= WHAT TO WORK ON =
Every record below should be retyped exactly, and no picture should appear in the copy.

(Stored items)
=== Begin Enclosure ===
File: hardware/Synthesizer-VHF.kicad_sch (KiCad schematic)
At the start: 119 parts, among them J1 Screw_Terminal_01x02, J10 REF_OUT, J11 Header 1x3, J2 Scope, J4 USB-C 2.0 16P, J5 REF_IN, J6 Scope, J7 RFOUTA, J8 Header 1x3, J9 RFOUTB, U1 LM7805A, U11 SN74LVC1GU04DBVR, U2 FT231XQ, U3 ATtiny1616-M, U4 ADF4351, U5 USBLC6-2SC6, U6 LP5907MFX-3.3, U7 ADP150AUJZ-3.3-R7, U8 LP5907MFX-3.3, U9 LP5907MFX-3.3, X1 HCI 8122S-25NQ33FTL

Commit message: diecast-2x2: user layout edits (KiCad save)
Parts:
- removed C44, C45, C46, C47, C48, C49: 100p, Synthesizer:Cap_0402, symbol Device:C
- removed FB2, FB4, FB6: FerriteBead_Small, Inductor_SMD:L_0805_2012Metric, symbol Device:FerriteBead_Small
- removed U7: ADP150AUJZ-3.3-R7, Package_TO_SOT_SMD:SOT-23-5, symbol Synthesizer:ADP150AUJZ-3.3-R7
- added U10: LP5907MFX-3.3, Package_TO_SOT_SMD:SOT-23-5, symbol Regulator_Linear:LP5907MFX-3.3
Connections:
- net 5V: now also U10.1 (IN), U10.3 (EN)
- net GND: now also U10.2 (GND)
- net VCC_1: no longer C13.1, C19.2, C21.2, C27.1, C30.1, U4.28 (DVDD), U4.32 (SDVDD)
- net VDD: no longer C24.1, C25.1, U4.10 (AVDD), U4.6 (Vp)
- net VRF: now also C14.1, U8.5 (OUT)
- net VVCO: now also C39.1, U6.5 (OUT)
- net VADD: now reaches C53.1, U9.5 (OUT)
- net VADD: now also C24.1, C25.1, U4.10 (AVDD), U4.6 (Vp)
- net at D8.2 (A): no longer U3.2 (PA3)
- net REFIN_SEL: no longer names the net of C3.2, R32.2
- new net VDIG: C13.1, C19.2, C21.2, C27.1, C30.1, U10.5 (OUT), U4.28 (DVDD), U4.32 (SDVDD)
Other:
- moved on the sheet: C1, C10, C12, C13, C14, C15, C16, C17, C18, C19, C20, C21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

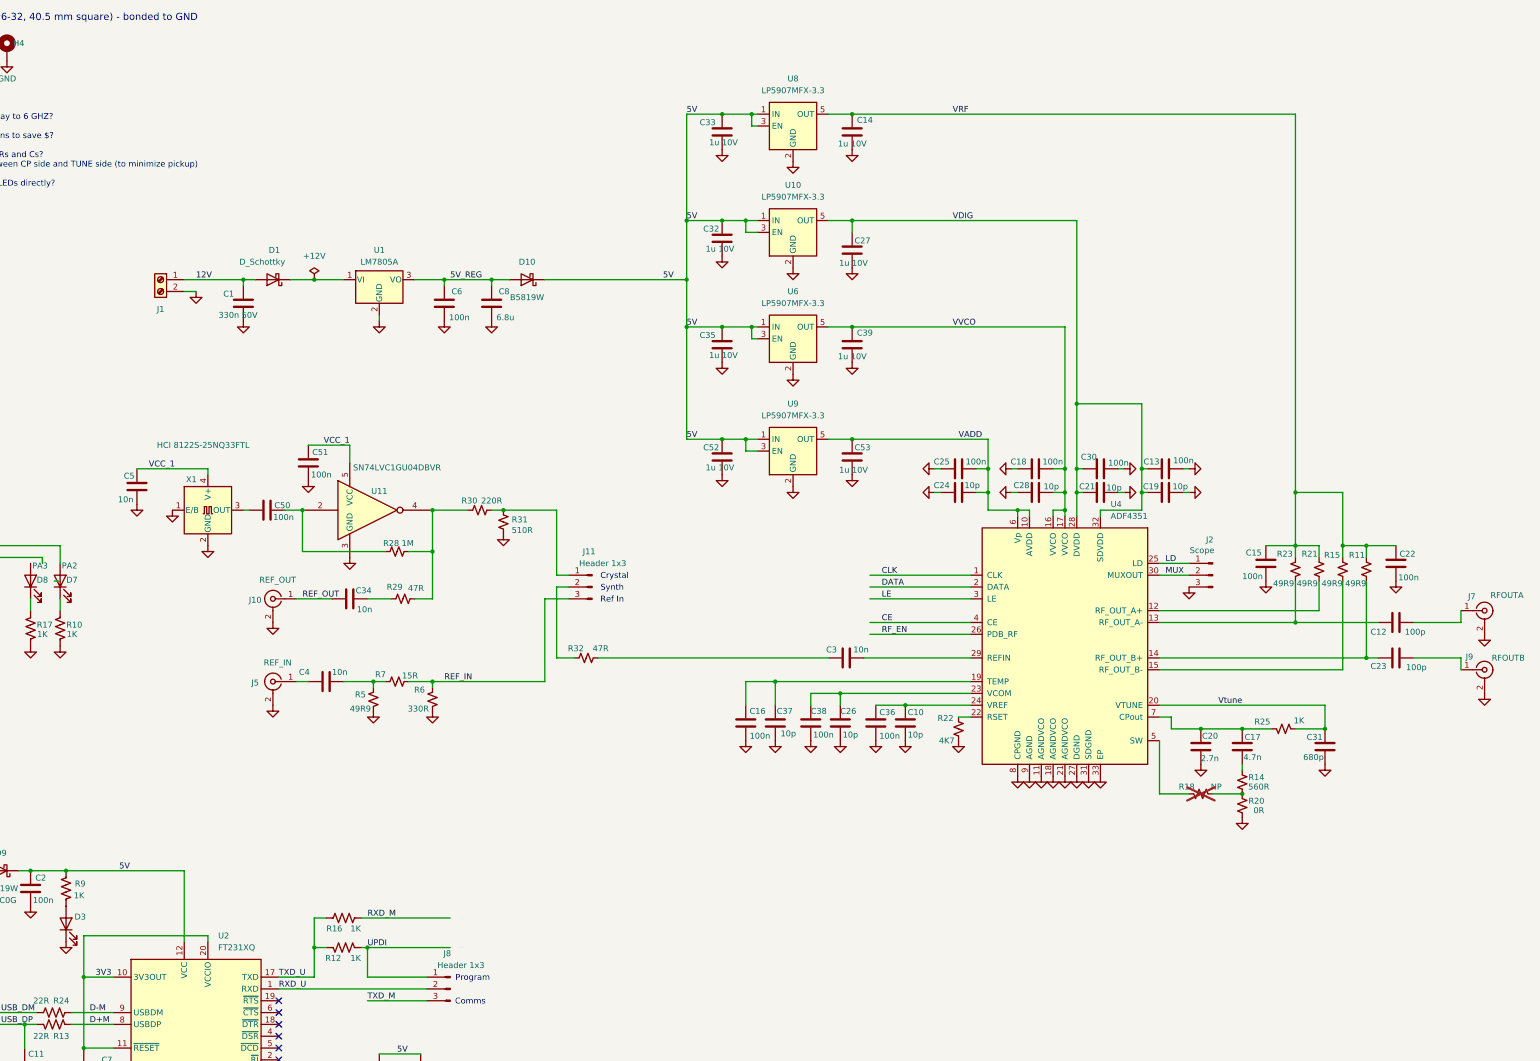
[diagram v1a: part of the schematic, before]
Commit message: diecast-2x2: two LP5907 rails, ferrite-fed 3.3 V digital
Keep U6 for VVCO and U8 for VRF (ADF4351 AVDD/Vp included). Drop U9 and U10. Digital (MCU, FT231X VCCIO, ADF4351 DVDD, ref buffer, VCTCXO) is VDD through FB2 off the VRF LDO. LP5907 LCSC C80670.

Co-authored-by: Jeffrey Millar <wa1hco@users.noreply.github.com>
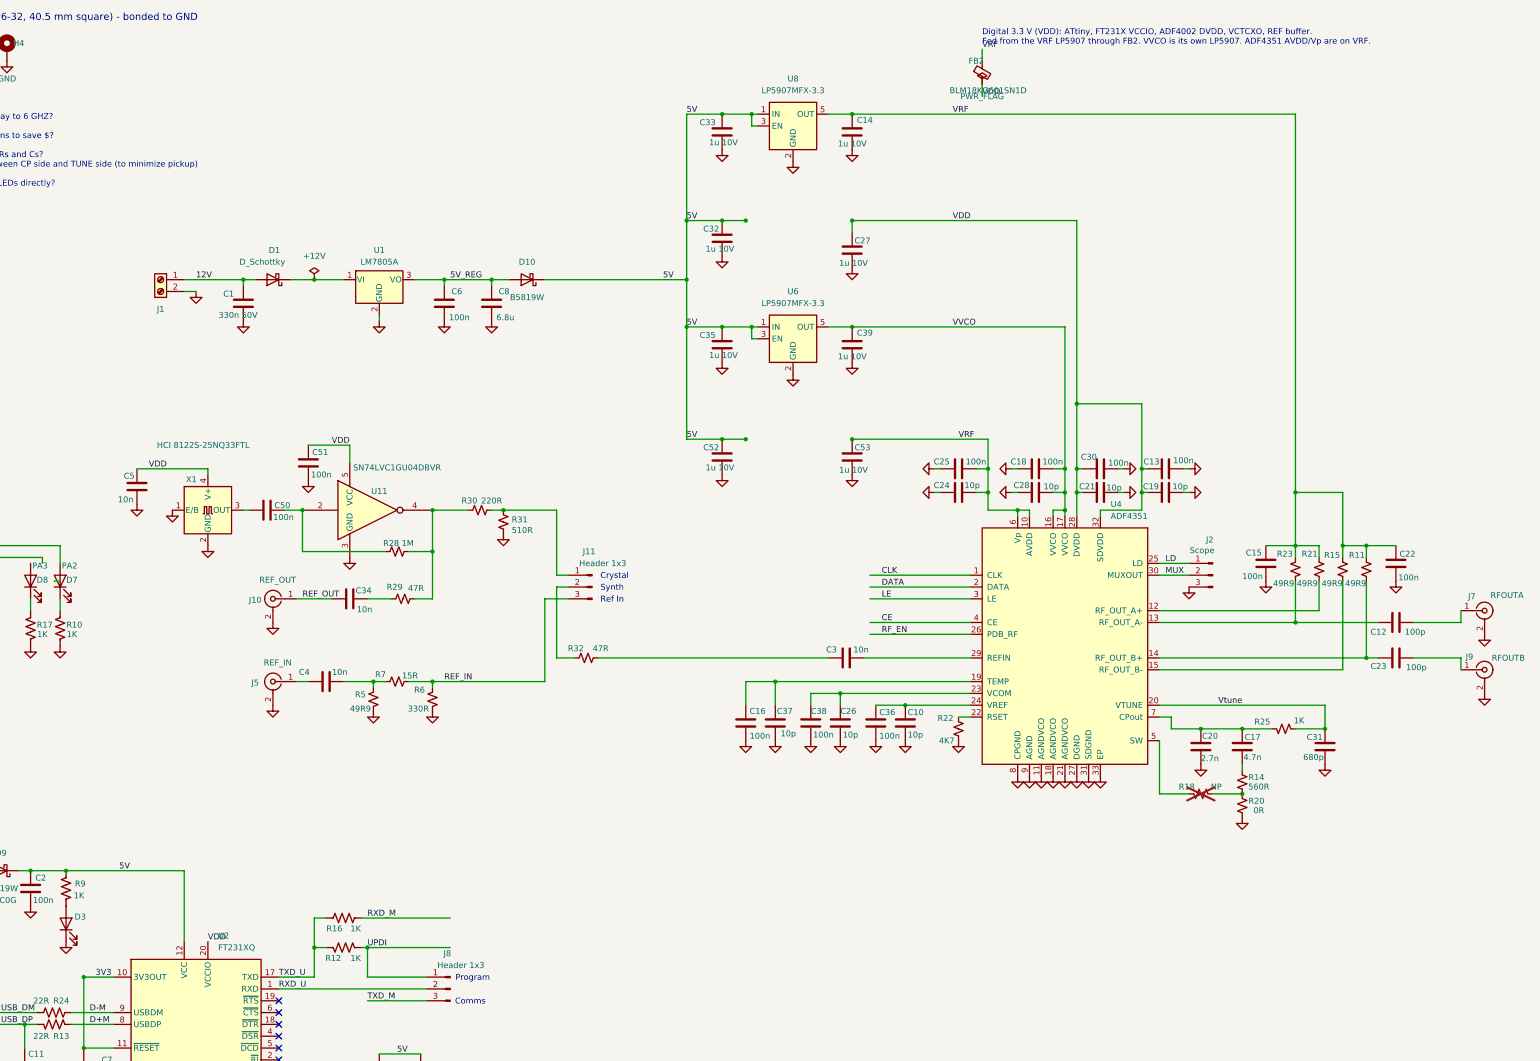
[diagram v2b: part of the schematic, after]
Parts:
- removed U10, U9: LP5907MFX-3.3, Package_TO_SOT_SMD:SOT-23-5, symbol Regulator_Linear:LP5907MFX-3.3
- added FB2: BLM18KG601SN1D, Inductor_SMD:L_0603_1608Metric, symbol Device:FerriteBead_Small
- U6, U8: LCSC (none) -> C80670
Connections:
- net VADD is gone; now on net VRF: C24.1, C25.1, C53.1, U4.10 (AVDD), U4.6 (Vp)
- net VCC_1 is gone; now on net VDD: C5.2, C51.2, U11.5 (VCC), X1.4 (V+)
- net VDIG is gone; now on net VDD: C13.1, C19.2, C21.2, C27.1, C30.1, U4.28 (DVDD), U4.32 (SDVDD)
- net 3V3: no longer U2.20 (VCCIO)
- net VDD: now also U2.20 (VCCIO), FB2.2
- net VRF: now also FB2.1
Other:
- note added: "Digital 3.3 V (VDD): ATtiny, FT231X VCCIO, ADF4002 DVDD, VCTCXO, REF buffer. Fed from the VRF LP5907 through FB2. VVCO is its own LP5907. ADF4351 AVDD/Vp are on VRF."

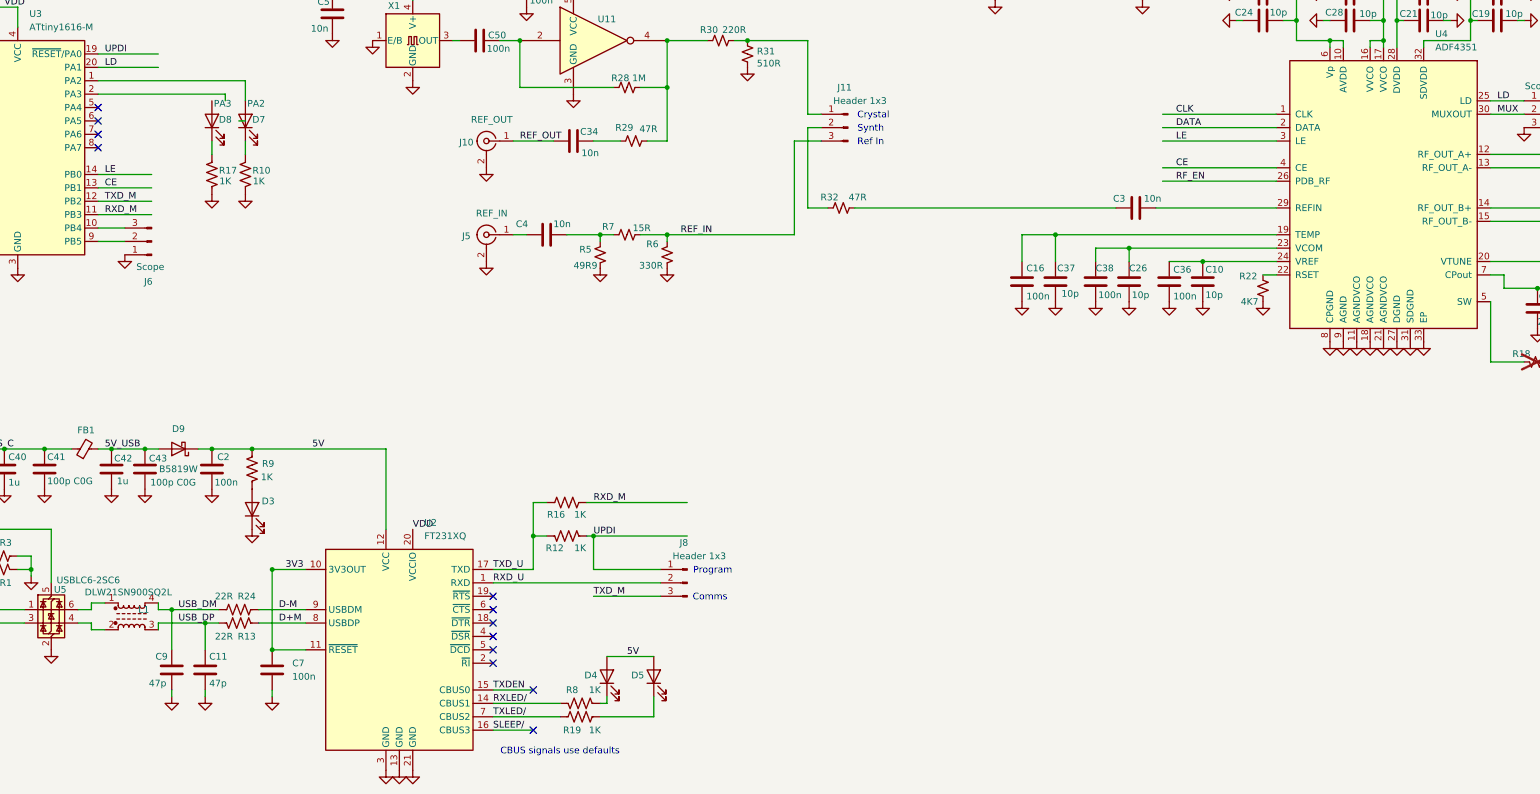
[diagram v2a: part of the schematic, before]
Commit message: diecast-2x2: direct UART, UPDI test pads, Optiboot reset
Remove the J8 program/comm jumper and R12. MCU TX (PB2, TXD_M) drives FT231X RXD; FT231X TXD still drives MCU RX through R16. PA0/UPDI is only on J12 (UPDI, VDD, GND). DTR couples through 100 nF to PA4 with a 10 k pull-up to VDD.

Co-authored-by: Jeffrey Millar <wa1hco@users.noreply.github.com>
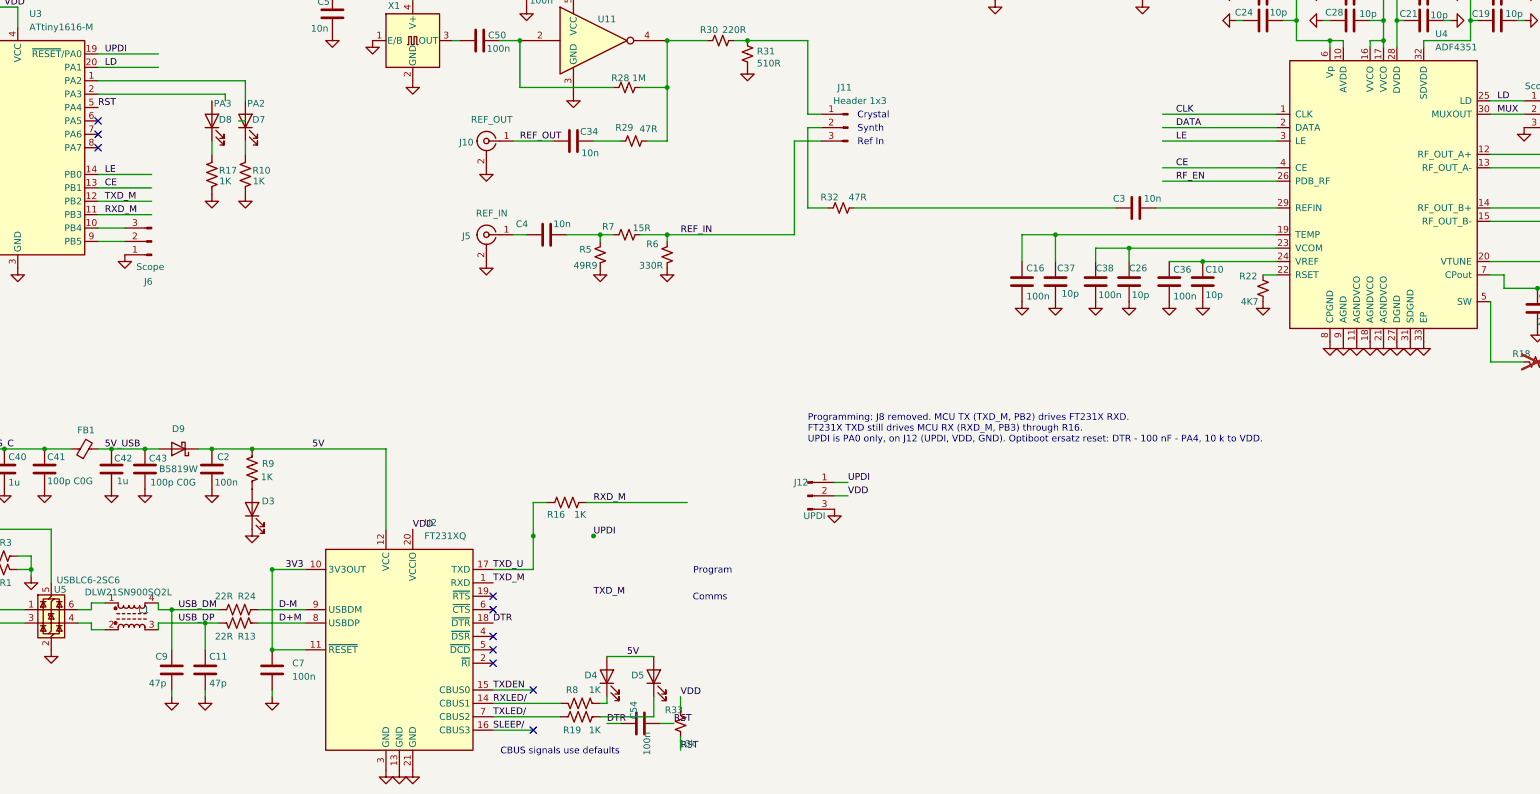
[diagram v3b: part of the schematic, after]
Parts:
- removed J8: Header 1x3, Connector_PinHeader_2.54mm:PinHeader_1x03_P2.54mm_Vertical, symbol Connector:Conn_01x03_Pin
- removed R12: 1K, Synthesizer:Res_0402, symbol Device:R_US
- added C54: 100n, Synthesizer:Cap_0402, symbol Device:C
- added J12: UPDI, Synthesizer:TestPad_1x03_P2.54mm, symbol Connector:Conn_01x03_Pin
- added R33: 10k, Synthesizer:Res_0402, symbol Device:R_Small_US
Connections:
- net RXD_U is gone; now on net TXD_M: U2.1 (RXD)
- net GND: now also J12.3 (Pin_3)
- net UPDI: now also J12.1 (Pin_1)
- net VDD: now also J12.2 (Pin_2), R33.1
- net RST: now reaches U3.5 (PA4)
- net RST: now also C54.2, R33.2
- net DTR: now reaches U2.18 (~{DTR})
- net DTR: now also C54.1
- no-connect marks 14 -> 12
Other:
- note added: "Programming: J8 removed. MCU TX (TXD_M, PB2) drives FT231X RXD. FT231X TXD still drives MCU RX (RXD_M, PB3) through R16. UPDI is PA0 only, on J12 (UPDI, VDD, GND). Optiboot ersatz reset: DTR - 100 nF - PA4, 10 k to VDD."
=== End Enclosure ===
= ANSWER TO THE EXERCISE =
File: hardware/Synthesizer-VHF.kicad_sch (KiCad schematic)
At the start: 119 parts, among them J1 Screw_Terminal_01x02, J10 REF_OUT, J11 Header 1x3, J2 Scope, J4 USB-C 2.0 16P, J5 REF_IN, J6 Scope, J7 RFOUTA, J8 Header 1x3, J9 RFOUTB, U1 LM7805A, U11 SN74LVC1GU04DBVR, U2 FT231XQ, U3 ATtiny1616-M, U4 ADF4351, U5 USBLC6-2SC6, U6 LP5907MFX-3.3, U7 ADP150AUJZ-3.3-R7, U8 LP5907MFX-3.3, U9 LP5907MFX-3.3, X1 HCI 8122S-25NQ33FTL

Commit message: diecast-2x2: user layout edits (KiCad save)
Parts:
- removed C44, C45, C46, C47, C48, C49: 100p, Synthesizer:Cap_0402, symbol Device:C
- removed FB2, FB4, FB6: FerriteBead_Small, Inductor_SMD:L_0805_2012Metric, symbol Device:FerriteBead_Small
- removed U7: ADP150AUJZ-3.3-R7, Package_TO_SOT_SMD:SOT-23-5, symbol Synthesizer:ADP150AUJZ-3.3-R7
- added U10: LP5907MFX-3.3, Package_TO_SOT_SMD:SOT-23-5, symbol Regulator_Linear:LP5907MFX-3.3
Connections:
- net 5V: now also U10.1 (IN), U10.3 (EN)
- net GND: now also U10.2 (GND)
- net VCC_1: no longer C13.1, C19.2, C21.2, C27.1, C30.1, U4.28 (DVDD), U4.32 (SDVDD)
- net VDD: no longer C24.1, C25.1, U4.10 (AVDD), U4.6 (Vp)
- net VRF: now also C14.1, U8.5 (OUT)
- net VVCO: now also C39.1, U6.5 (OUT)
- net VADD: now reaches C53.1, U9.5 (OUT)
- net VADD: now also C24.1, C25.1, U4.10 (AVDD), U4.6 (Vp)
- net at D8.2 (A): no longer U3.2 (PA3)
- net REFIN_SEL: no longer names the net of C3.2, R32.2
- new net VDIG: C13.1, C19.2, C21.2, C27.1, C30.1, U10.5 (OUT), U4.28 (DVDD), U4.32 (SDVDD)
Other:
- moved on the sheet: C1, C10, C12, C13, C14, C15, C16, C17, C18, C19, C20, C21

[diagram v1a: part of the schematic, before]
Commit message: diecast-2x2: two LP5907 rails, ferrite-fed 3.3 V digital
Keep U6 for VVCO and U8 for VRF (ADF4351 AVDD/Vp included). Drop U9 and U10. Digital (MCU, FT231X VCCIO, ADF4351 DVDD, ref buffer, VCTCXO) is VDD through FB2 off the VRF LDO. LP5907 LCSC C80670.

Co-authored-by: Jeffrey Millar <wa1hco@users.noreply.github.com>
[diagram v2b: part of the schematic, after]
Parts:
- removed U10, U9: LP5907MFX-3.3, Package_TO_SOT_SMD:SOT-23-5, symbol Regulator_Linear:LP5907MFX-3.3
- added FB2: BLM18KG601SN1D, Inductor_SMD:L_0603_1608Metric, symbol Device:FerriteBead_Small
- U6, U8: LCSC (none) -> C80670
Connections:
- net VADD is gone; now on net VRF: C24.1, C25.1, C53.1, U4.10 (AVDD), U4.6 (Vp)
- net VCC_1 is gone; now on net VDD: C5.2, C51.2, U11.5 (VCC), X1.4 (V+)
- net VDIG is gone; now on net VDD: C13.1, C19.2, C21.2, C27.1, C30.1, U4.28 (DVDD), U4.32 (SDVDD)
- net 3V3: no longer U2.20 (VCCIO)
- net VDD: now also U2.20 (VCCIO), FB2.2
- net VRF: now also FB2.1
Other:
- note added: "Digital 3.3 V (VDD): ATtiny, FT231X VCCIO, ADF4002 DVDD, VCTCXO, REF buffer. Fed from the VRF LP5907 through FB2. VVCO is its own LP5907. ADF4351 AVDD/Vp are on VRF."

[diagram v2a: part of the schematic, before]
Commit message: diecast-2x2: direct UART, UPDI test pads, Optiboot reset
Remove the J8 program/comm jumper and R12. MCU TX (PB2, TXD_M) drives FT231X RXD; FT231X TXD still drives MCU RX through R16. PA0/UPDI is only on J12 (UPDI, VDD, GND). DTR couples through 100 nF to PA4 with a 10 k pull-up to VDD.

Co-authored-by: Jeffrey Millar <wa1hco@users.noreply.github.com>
[diagram v3b: part of the schematic, after]
Parts:
- removed J8: Header 1x3, Connector_PinHeader_2.54mm:PinHeader_1x03_P2.54mm_Vertical, symbol Connector:Conn_01x03_Pin
- removed R12: 1K, Synthesizer:Res_0402, symbol Device:R_US
- added C54: 100n, Synthesizer:Cap_0402, symbol Device:C
- added J12: UPDI, Synthesizer:TestPad_1x03_P2.54mm, symbol Connector:Conn_01x03_Pin
- added R33: 10k, Synthesizer:Res_0402, symbol Device:R_Small_US
Connections:
- net RXD_U is gone; now on net TXD_M: U2.1 (RXD)
- net GND: now also J12.3 (Pin_3)
- net UPDI: now also J12.1 (Pin_1)
- net VDD: now also J12.2 (Pin_2), R33.1
- net RST: now reaches U3.5 (PA4)
- net RST: now also C54.2, R33.2
- net DTR: now reaches U2.18 (~{DTR})
- net DTR: now also C54.1
- no-connect marks 14 -> 12
Other:
- note added: "Programming: J8 removed. MCU TX (TXD_M, PB2) drives FT231X RXD. FT231X TXD still drives MCU RX (RXD_M, PB3) through R16. UPDI is PA0 only, on J12 (UPDI, VDD, GND). Optiboot ersatz reset: DTR - 100 nF - PA4, 10 k to VDD."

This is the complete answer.